We need to remember….

The JOLTS report of 9.61 million in August suggests a strong labour market and a boost in economic optimism.

In a growing economy, we’ll see investors will look to riskier assets like stocks over safe-haven assets like gold.

And so, this led to a decrease in gold demand and a drop in its price.

Another interest rate hike is on the cards

Several Fed officials have suggested that America can expect at least one more 25 basis points rate hike by the end of the year.

This will be to try to bring inflation back to the 2% target.

Also, with the higher jobs openings and a stronger economy – this has put the US wage inflation and higher interest rates back on the agenda.

Here is what Jim Wyckoff, senior analyst at Kitco Metals, said in a Reuters note.

“There is a reckoning that interest rates are going to be higher for much longer, which has been the bearish element in the precious market.

Gold prices could go below $1,800 in the near-term,”

I don’t normally agree with the news and hype.

But the charts agree with the downside to come.

Why this massive inverse Cup and Handle is showing 10% for gold

You can see since April 2023, it’s been moving in a bearish (down) pattern known as an Inverse Cup and Handle.

Three parts make this Inverse C&H pattern including a.
Cup (big rounding top),
Handle (small rounding top) and a
Brim level (horizontal support).

Now that the price has broken below the brim level, means we should expect the price to continue down.

The first target I have for gold is to the next strong support (floor level) at $1,710.

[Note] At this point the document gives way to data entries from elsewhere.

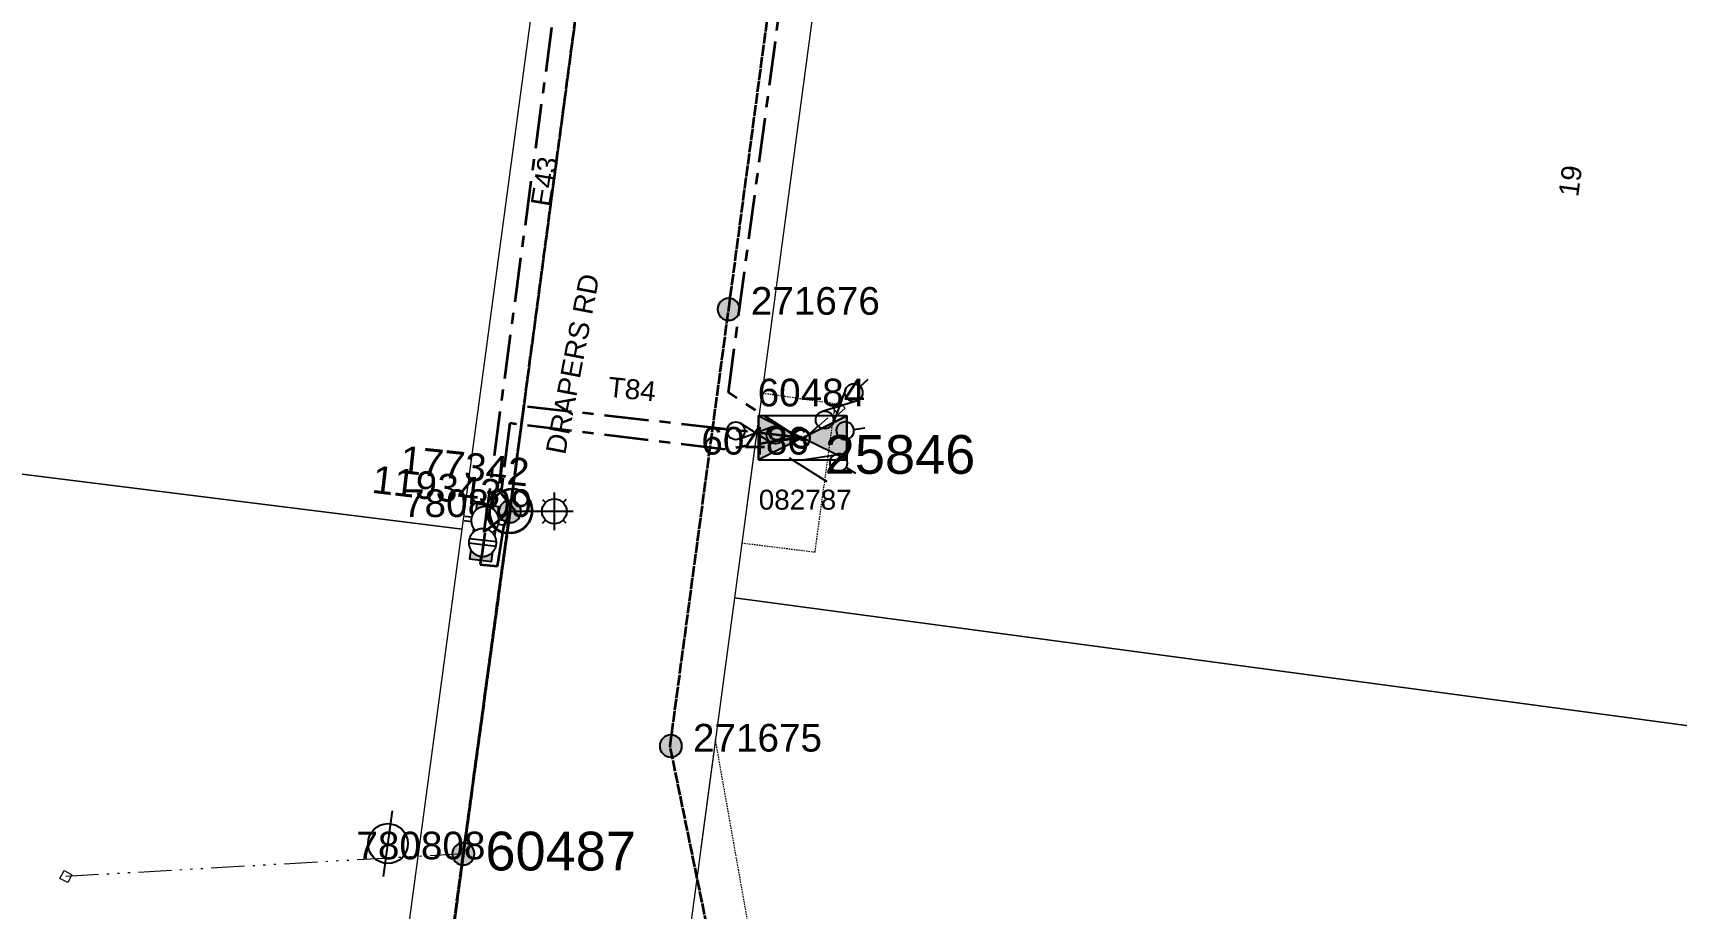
# Model space of a CAD drawing. Header units: metres. Extents: x 267072 to 270320, y 6186424 to 6191197.
# Drawn here: x 267947.3 to 268095.7, y 6187722.2 to 6187801.3 of the extents above; entities that cross this region are included whole.
import ezdxf
from ezdxf.enums import TextEntityAlignment as Align

# ---------------------------------------------------------------- set-up
doc = ezdxf.new("R2010")
doc.units = ezdxf.units.M
for name, pattern in [('Cable Exist OH', [1, 1, 0]), ('Cable Exist UG', [7, 4, -1, 1, -1]), ('DASHED', [19.05, 12.7, -6.35]), ('HIDDEN2', [0.1875, 0.125, -0.0625]), ('PHANTOMX2', [6.6, 3, -0.75, 0.2, -0.75, 0.2, -0.75, 0.2, -0.75])]:
    doc.linetypes.add(name, pattern=pattern)
doc.layers.get('0').update_dxf_attribs({"color": 6})
for name, color, linetype, lineweight in [('_User_HV_Exist', 1, 'Continuous', 35), ('_User_LV_Exist', 5, 'Continuous', 35), ('Cadastre Land Parcels_SP_EXT', 118, 'Continuous', 15), ('Cadastre Other Property_SP_EXT', 138, 'DASHED', 15), ('Cadastre Roads_SP_EXT', 218, 'Continuous', 15), ('Mains_HV_EXT', 13, 'Continuous', 25), ('Mains_LV_EXT', 163, 'Continuous', 25), ('Mains_SL_EXT', 131, 'Continuous', 25), ('Services_SP_EXT', 42, 'PHANTOMX2', 20)]:
    doc.layers.add(name, color=color, linetype=linetype, lineweight=lineweight)
for name, color, linetype in [('Equip_HV_EXT', 7, 'Continuous'), ('Equip_LV_EXT', 7, 'Continuous'), ('Equip_SP_HV_EXT', 7, 'Continuous'), ('Equip_SP_SL_EXT', 7, 'Continuous'), ('Sub_SP_EXT', 7, 'Continuous'), ('SupportsOH_SP_TR_HV_LV_SL_EXT', 7, 'Continuous'), ('SupportsUG_SP_LV_EXT', 7, 'Continuous')]:
    doc.layers.add(name, color=color, linetype=linetype)
doc.styles.add('HVSW_LABEL', font='arial.ttf', dxfattribs={"height": 3.5})
doc.styles.add('iecARIAL', font='arial.ttf', dxfattribs={"height": 2})
doc.styles.add('POLE_LABEL', font='arial.ttf', dxfattribs={"height": 2})
doc.styles.add('SL_LABEL', font='arial.ttf', dxfattribs={"height": 2})
doc.styles.get("Standard").update_dxf_attribs({"font": 'arial.ttf'})
doc.styles.add('SWITCH_LABEL', font='arial.ttf', dxfattribs={"height": 2})

# ---------------------------------------------------------------- blocks, each defined once
blk = doc.blocks.new('SUB_PADMOUNT_EXT')
at = {"ltscale": 10}
h = blk.add_hatch(color=256, dxfattribs=at)
h.dxf.hatch_style = 1
h.paths.add_polyline_path([(4, -2), (0, 0), (4, 2)])
h.paths.add_polyline_path([(-4, -2), (-4, 2), (0, 0)])
blk.add_line((4, 2), (-4, -2))
blk.add_lwpolyline([(-4, -2), (4, -2), (4, 2), (-4, 2)], close=True)
at = {"ltscale": 10, "flags": 128}
for points in [[(-4, -2), (-4, 2), (0, 0)], [(4, -2), (0, 0), (4, 2)]]:
    blk.add_lwpolyline(points, close=True, dxfattribs=at)
at = {"flags": 8}
blk.add_attdef('ASSET_NUM', text='', height=2.5, dxfattribs=at).set_placement((0, 5), align=Align.MIDDLE_CENTER)
for tag, flags, p in [('STREET_CODE', 9, (1.5, 0)), ('OPERATING_VOLTAGE', 9, (1.5, -0.4)), ('ORIENTATION', 9, (1.5, -0.6)), ('OWNED_BY', 9, (1.5, -0.8)), ('OPERATED_BY', 9, (1.5, -1)), ('CONSTRUCTED_VOLTAGE', 9, (1.5, -1.4)), ('NO_PHASES', 9, (1.5, -0.2)), ('MAINTAINED_BY', 9, (1.5, -1.2)), ('SECONDARY_VOLTAGE', 9, (1.5, -1.6)), ('STATE', 9, (1.5, -1.8)), ('SUBSTATION_TYPE', 9, (1.5, -2.2)), ('SUBURB', 9, (1.5, -2.8)), ('STREETNAME', 9, (1.5, -3)), ('PARENT', 9, (1.5, -2)), ('USAGE', 9, (1.5, -2.4)), ('LEGEND', 9, (1.5, -2.6)), ('Z', 1, (1.5, -3.6)), ('LOCATION', 9, (1.5, -3.2)), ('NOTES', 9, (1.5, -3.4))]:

This was the level that was tested in January, and it looks like the price will go back to that testing level again.

✅ Facebook:
www.facebook.com/groups/matitrader

🌐Website:
www.timonandmati.com

💰FREE Discord:
discord.gg/c8f37kyv35

Twitter:
twitter.com/timonr

Trade Well,
Timon Rossolimos
Founder, MATI Trader
(Pro trader since 2003)
Disclaimer

The information and publications are not meant to be, and do not constitute, financial, investment, trading, or other types of advice or recommendations supplied or endorsed by TradingView. Read more in the Terms of Use.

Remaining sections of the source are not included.